[Saved data entries]
------------------------------------------------------------------------

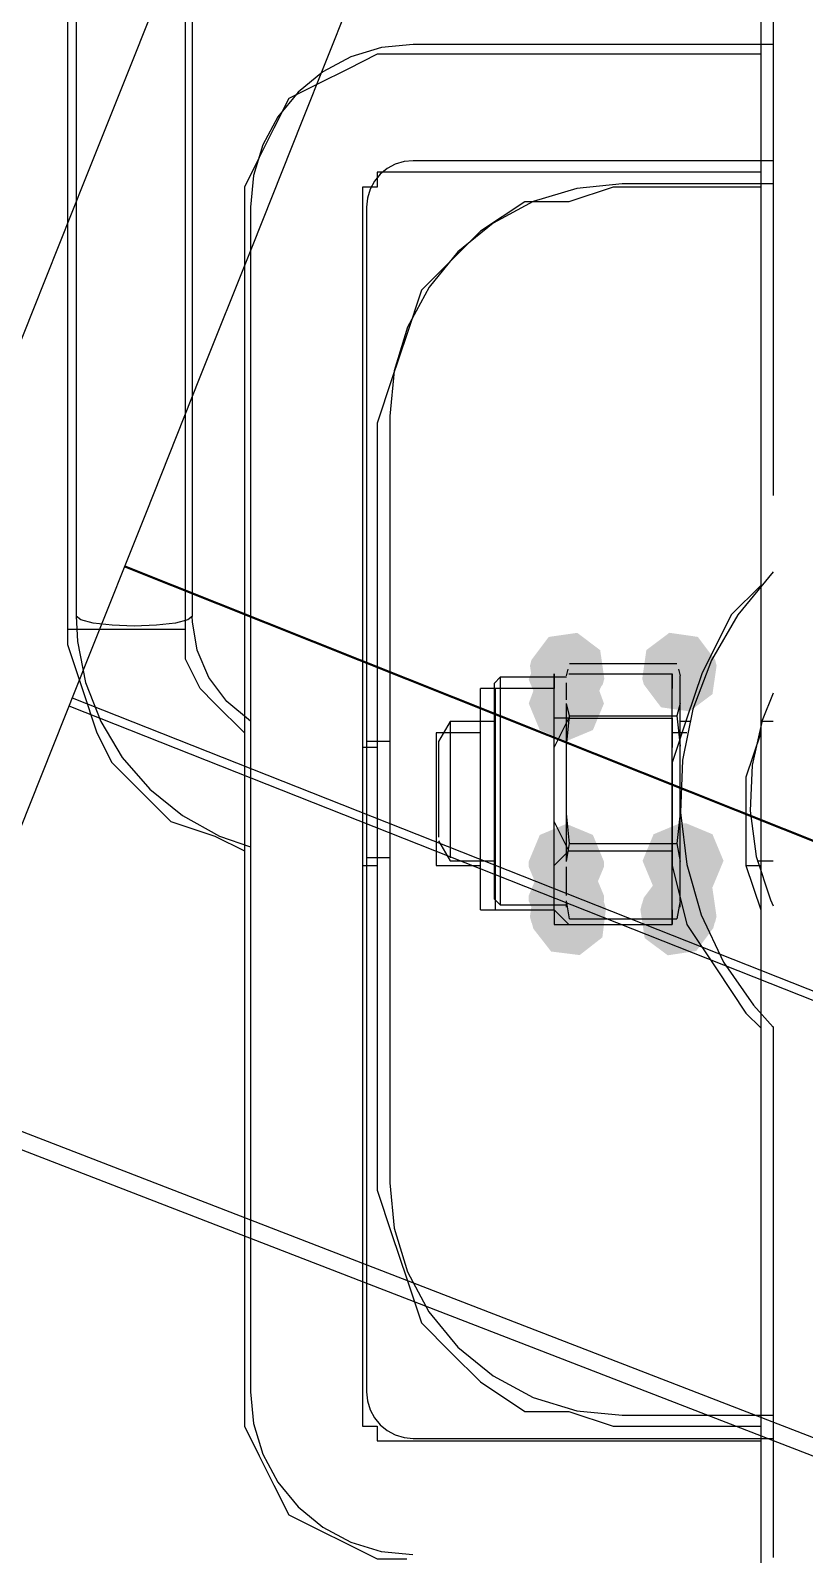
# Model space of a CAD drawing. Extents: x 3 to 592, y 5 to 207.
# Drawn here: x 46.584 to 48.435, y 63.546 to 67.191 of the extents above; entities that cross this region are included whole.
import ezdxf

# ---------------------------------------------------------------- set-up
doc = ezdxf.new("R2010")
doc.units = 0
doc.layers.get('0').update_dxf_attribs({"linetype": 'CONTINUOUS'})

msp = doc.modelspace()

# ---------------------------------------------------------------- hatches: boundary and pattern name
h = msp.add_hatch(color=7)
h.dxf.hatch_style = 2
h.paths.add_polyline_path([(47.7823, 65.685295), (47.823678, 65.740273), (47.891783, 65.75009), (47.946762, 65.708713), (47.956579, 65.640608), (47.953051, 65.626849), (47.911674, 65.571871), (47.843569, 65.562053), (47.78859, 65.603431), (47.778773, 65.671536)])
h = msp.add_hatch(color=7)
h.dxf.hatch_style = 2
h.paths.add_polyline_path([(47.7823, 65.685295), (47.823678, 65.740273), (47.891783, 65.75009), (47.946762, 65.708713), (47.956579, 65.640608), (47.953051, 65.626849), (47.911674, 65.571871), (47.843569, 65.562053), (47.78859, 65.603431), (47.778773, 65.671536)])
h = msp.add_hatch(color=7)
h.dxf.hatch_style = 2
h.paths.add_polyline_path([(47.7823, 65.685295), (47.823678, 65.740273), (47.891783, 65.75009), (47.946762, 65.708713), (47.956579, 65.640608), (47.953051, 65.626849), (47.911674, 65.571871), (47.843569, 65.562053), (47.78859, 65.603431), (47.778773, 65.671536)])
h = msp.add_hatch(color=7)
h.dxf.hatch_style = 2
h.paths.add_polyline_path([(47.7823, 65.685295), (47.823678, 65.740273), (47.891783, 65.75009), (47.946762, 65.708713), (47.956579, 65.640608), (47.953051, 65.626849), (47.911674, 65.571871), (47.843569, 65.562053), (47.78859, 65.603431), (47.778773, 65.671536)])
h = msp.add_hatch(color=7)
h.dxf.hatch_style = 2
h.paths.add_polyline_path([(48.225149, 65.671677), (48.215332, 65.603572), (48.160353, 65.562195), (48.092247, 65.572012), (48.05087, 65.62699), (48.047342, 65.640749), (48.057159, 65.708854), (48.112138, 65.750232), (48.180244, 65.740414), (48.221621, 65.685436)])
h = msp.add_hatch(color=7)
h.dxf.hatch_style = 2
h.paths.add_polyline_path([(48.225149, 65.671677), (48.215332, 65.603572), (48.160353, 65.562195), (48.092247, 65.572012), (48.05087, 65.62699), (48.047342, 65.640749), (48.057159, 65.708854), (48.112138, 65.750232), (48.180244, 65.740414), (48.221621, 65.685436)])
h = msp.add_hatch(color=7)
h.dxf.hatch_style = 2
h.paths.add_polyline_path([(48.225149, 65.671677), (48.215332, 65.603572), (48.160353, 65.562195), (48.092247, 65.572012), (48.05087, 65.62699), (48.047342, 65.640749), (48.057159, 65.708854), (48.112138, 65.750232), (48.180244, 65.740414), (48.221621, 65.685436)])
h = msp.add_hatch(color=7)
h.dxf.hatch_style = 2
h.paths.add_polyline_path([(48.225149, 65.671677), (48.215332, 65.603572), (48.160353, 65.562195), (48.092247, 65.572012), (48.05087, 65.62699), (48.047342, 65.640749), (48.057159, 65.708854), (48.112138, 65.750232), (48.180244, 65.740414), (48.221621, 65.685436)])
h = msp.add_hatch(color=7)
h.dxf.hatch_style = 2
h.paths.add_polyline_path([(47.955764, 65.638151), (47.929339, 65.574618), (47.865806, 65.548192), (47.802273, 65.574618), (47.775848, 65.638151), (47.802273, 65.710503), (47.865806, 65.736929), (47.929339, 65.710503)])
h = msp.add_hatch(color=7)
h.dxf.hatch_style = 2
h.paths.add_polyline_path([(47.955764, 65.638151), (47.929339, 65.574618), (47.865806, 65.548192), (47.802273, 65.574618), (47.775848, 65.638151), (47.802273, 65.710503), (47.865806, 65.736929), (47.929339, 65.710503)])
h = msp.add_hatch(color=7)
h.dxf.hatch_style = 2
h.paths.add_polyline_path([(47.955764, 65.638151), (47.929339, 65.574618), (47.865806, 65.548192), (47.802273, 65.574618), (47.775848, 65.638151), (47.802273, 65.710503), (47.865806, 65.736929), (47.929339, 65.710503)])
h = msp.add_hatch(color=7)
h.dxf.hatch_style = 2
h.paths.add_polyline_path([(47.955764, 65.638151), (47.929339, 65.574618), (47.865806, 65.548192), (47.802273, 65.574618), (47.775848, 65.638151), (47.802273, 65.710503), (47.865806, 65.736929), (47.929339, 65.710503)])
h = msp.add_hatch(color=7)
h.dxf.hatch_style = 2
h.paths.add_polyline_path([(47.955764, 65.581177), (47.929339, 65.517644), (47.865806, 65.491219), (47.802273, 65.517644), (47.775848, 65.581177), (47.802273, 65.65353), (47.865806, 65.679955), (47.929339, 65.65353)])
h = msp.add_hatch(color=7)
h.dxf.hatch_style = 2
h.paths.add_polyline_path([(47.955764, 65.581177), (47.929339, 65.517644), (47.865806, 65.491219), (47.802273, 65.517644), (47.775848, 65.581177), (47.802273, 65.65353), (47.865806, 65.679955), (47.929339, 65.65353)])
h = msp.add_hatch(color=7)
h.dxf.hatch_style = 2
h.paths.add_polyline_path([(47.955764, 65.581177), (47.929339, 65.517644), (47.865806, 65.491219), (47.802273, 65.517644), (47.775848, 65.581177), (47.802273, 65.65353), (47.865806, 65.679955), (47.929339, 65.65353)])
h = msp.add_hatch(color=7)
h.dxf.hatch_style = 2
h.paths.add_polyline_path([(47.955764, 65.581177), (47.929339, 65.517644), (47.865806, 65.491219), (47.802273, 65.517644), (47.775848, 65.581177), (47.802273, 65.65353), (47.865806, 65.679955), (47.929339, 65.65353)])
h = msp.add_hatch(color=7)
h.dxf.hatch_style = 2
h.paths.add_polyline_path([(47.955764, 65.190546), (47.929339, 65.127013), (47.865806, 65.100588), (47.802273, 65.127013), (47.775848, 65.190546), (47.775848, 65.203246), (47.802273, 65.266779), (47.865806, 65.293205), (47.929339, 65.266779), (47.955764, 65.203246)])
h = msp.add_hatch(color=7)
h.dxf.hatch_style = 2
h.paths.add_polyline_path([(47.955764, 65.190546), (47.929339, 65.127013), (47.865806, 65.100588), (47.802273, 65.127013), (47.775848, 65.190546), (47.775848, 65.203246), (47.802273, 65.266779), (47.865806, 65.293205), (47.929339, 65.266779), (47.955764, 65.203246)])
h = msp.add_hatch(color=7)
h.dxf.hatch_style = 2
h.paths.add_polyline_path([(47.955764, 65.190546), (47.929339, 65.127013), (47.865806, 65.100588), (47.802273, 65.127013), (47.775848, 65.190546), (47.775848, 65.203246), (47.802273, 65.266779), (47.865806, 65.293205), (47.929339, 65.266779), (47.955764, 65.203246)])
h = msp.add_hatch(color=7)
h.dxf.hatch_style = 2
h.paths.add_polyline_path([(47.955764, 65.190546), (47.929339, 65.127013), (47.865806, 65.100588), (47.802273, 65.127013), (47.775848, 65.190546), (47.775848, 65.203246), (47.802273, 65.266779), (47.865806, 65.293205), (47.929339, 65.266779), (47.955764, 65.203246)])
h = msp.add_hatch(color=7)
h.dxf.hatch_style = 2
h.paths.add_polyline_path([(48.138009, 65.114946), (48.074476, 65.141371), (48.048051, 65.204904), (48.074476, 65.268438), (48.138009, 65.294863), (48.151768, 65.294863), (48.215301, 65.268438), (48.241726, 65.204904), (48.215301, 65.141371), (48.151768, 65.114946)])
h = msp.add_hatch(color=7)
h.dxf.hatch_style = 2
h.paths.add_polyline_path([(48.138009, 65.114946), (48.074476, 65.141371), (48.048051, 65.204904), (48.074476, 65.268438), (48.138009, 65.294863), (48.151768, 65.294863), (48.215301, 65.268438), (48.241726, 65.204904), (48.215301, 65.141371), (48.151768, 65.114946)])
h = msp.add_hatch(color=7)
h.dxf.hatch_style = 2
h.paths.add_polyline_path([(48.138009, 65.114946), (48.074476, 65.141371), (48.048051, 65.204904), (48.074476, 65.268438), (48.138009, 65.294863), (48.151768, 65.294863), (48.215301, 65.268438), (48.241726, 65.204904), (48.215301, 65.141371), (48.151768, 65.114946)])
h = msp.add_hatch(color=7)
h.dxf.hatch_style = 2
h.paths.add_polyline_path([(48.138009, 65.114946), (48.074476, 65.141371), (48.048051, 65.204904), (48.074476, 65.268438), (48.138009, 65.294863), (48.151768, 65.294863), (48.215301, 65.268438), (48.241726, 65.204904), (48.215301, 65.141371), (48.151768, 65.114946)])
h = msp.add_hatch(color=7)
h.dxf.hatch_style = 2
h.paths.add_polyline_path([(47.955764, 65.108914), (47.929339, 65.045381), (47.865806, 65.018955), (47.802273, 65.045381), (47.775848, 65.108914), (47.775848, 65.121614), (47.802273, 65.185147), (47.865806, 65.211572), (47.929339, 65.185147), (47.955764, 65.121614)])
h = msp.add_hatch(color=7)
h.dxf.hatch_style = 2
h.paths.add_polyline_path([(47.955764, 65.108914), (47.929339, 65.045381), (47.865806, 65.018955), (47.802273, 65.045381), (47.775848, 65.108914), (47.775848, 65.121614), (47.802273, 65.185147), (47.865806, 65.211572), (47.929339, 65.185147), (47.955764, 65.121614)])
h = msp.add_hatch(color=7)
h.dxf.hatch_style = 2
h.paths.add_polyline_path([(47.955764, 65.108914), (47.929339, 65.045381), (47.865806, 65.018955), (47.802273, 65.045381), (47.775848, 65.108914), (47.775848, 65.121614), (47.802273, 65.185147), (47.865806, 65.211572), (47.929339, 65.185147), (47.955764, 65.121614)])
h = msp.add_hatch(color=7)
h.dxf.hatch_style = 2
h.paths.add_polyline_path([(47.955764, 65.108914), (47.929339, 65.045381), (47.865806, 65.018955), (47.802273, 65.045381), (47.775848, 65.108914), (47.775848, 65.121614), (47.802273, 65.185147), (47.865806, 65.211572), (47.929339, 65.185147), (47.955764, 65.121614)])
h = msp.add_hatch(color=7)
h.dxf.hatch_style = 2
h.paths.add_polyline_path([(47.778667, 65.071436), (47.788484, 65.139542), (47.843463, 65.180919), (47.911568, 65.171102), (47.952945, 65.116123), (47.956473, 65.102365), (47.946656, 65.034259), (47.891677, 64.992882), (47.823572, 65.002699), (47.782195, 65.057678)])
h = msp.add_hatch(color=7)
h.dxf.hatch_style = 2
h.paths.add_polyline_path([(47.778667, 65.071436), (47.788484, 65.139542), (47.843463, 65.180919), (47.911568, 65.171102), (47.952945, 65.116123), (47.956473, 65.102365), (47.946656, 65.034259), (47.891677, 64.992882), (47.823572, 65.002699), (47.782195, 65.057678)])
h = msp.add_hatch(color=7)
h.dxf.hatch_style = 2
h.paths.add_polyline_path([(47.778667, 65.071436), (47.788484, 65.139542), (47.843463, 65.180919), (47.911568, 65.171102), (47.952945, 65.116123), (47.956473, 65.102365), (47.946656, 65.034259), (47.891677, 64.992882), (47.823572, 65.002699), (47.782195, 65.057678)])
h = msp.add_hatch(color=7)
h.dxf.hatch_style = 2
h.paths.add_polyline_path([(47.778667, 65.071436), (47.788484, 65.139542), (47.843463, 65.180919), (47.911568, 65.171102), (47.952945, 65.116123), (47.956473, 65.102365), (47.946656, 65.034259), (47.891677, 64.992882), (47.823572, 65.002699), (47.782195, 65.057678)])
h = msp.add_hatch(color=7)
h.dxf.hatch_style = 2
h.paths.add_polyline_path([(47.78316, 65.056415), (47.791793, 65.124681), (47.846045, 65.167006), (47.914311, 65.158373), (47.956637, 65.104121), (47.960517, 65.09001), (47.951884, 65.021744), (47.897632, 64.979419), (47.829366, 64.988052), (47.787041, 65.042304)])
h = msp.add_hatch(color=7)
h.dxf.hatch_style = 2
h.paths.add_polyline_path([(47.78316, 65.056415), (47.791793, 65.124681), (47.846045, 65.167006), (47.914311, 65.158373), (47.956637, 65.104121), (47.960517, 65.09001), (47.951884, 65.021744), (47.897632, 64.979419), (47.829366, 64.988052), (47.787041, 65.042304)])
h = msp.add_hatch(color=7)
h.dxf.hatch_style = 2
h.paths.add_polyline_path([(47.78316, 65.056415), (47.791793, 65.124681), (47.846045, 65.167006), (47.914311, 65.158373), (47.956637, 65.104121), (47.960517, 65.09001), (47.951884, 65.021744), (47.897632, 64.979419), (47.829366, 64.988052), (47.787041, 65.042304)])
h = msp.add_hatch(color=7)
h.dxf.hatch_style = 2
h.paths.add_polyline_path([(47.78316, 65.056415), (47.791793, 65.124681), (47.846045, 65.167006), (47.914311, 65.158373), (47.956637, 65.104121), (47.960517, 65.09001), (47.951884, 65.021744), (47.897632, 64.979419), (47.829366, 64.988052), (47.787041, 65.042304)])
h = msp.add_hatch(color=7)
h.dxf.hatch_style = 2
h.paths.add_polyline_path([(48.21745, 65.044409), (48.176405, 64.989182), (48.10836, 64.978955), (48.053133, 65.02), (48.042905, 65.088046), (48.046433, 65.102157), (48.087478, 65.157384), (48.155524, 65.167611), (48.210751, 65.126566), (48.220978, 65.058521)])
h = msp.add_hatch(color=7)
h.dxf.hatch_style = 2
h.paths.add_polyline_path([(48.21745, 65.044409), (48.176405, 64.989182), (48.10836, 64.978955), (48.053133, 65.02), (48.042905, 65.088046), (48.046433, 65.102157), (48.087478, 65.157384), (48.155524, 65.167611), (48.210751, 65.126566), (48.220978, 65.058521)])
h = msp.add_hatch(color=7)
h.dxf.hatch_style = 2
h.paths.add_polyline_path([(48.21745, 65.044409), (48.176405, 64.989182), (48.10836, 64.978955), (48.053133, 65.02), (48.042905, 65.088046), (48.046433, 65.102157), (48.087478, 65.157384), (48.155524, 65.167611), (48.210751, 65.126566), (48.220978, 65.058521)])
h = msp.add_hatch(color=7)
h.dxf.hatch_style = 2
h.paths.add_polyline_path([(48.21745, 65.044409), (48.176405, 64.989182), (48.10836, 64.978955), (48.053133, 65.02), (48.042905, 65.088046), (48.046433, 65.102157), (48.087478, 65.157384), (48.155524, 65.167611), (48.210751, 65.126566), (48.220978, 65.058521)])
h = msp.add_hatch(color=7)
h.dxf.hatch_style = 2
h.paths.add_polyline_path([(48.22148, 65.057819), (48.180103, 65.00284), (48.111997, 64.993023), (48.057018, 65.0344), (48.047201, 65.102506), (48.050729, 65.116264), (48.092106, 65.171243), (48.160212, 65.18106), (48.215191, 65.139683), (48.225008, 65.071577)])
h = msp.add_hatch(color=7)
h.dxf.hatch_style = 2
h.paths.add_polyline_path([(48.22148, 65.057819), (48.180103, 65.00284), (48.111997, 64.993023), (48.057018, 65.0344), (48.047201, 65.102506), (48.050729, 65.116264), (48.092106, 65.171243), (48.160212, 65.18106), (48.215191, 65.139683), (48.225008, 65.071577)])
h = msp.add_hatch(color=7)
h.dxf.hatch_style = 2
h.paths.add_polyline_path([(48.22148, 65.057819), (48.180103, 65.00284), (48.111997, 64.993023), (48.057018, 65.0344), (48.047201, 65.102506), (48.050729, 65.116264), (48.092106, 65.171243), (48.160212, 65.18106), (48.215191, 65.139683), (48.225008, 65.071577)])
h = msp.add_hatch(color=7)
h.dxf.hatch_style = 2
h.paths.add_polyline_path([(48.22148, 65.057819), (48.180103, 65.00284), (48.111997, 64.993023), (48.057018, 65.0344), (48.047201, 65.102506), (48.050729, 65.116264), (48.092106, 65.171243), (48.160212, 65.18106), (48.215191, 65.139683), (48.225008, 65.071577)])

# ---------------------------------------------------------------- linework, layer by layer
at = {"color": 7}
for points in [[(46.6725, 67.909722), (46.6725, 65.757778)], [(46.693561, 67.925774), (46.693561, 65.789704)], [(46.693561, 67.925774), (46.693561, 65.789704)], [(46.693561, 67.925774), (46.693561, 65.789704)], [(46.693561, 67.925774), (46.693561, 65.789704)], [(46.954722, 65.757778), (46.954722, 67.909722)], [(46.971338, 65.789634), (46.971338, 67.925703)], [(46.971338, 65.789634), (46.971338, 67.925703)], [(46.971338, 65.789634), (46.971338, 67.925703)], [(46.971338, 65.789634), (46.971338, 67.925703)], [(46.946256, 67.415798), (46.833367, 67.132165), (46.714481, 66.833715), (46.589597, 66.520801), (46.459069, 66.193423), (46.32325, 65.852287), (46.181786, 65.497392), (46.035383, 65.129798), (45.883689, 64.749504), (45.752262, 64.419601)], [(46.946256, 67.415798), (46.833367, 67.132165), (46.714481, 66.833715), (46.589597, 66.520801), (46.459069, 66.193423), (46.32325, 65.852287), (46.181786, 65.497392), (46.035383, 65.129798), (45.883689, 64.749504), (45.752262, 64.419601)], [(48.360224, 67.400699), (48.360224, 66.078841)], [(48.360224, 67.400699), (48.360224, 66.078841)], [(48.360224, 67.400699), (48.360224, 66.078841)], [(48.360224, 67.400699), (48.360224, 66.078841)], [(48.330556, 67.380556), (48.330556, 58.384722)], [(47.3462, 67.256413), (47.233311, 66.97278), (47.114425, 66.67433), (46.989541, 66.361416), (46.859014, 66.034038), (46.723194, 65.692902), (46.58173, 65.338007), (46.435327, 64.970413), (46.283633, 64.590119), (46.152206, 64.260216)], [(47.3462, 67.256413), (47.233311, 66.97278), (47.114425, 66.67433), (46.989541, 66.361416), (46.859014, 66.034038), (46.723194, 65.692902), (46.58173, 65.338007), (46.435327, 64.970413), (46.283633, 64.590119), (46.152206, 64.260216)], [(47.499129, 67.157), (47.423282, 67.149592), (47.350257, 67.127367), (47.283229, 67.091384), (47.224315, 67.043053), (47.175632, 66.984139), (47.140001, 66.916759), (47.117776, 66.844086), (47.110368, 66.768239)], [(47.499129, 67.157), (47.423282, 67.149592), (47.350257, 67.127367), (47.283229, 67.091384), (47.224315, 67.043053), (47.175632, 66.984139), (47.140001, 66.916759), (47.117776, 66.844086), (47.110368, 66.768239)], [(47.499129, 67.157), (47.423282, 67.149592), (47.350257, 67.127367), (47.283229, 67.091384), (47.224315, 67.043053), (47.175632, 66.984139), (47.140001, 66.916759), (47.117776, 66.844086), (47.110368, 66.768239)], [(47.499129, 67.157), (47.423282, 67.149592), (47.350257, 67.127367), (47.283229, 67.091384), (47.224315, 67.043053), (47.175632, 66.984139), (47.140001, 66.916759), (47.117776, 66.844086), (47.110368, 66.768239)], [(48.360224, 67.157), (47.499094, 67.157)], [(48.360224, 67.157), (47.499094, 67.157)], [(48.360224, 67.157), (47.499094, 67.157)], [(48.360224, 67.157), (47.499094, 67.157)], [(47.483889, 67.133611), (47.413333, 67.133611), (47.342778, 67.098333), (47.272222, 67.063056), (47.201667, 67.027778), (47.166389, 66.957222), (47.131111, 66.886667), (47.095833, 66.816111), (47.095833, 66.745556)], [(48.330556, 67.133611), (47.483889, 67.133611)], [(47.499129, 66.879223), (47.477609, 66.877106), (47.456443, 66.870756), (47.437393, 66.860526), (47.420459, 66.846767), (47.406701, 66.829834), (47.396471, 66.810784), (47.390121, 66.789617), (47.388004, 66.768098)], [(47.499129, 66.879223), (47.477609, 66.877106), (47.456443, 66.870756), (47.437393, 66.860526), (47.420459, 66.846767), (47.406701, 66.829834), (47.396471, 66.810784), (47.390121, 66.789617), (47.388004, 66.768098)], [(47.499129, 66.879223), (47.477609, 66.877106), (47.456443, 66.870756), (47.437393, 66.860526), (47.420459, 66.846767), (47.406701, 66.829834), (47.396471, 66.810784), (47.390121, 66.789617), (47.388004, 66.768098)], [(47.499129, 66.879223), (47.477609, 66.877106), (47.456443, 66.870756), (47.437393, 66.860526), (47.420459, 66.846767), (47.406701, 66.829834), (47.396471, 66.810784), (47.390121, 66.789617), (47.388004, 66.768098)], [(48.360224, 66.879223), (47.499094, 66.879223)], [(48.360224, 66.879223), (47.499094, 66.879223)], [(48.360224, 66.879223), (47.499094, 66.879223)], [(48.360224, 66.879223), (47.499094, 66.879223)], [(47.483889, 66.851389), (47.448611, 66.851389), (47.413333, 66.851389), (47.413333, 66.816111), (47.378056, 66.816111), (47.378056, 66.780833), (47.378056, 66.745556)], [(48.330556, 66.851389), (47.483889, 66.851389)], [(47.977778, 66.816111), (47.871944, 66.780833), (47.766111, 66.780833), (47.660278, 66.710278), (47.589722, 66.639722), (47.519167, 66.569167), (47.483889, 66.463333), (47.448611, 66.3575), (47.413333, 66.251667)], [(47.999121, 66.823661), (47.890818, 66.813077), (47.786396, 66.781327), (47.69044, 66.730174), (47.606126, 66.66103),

------------------------------------------------------------------------

## [What to work on]
Print the entries as they stand, first line through the line holding "and pattern name", with every picture removed.

## [Task output]
# Model space of a CAD drawing. Extents: x 3 to 592, y 5 to 207.
# Drawn here: x 46.584 to 48.435, y 63.546 to 67.191 of the extents above; entities that cross this region are included whole.
import ezdxf

# ---------------------------------------------------------------- set-up
doc = ezdxf.new("R2010")
doc.units = 0
doc.layers.get('0').update_dxf_attribs({"linetype": 'CONTINUOUS'})

msp = doc.modelspace()

# ---------------------------------------------------------------- hatches: boundary and pattern name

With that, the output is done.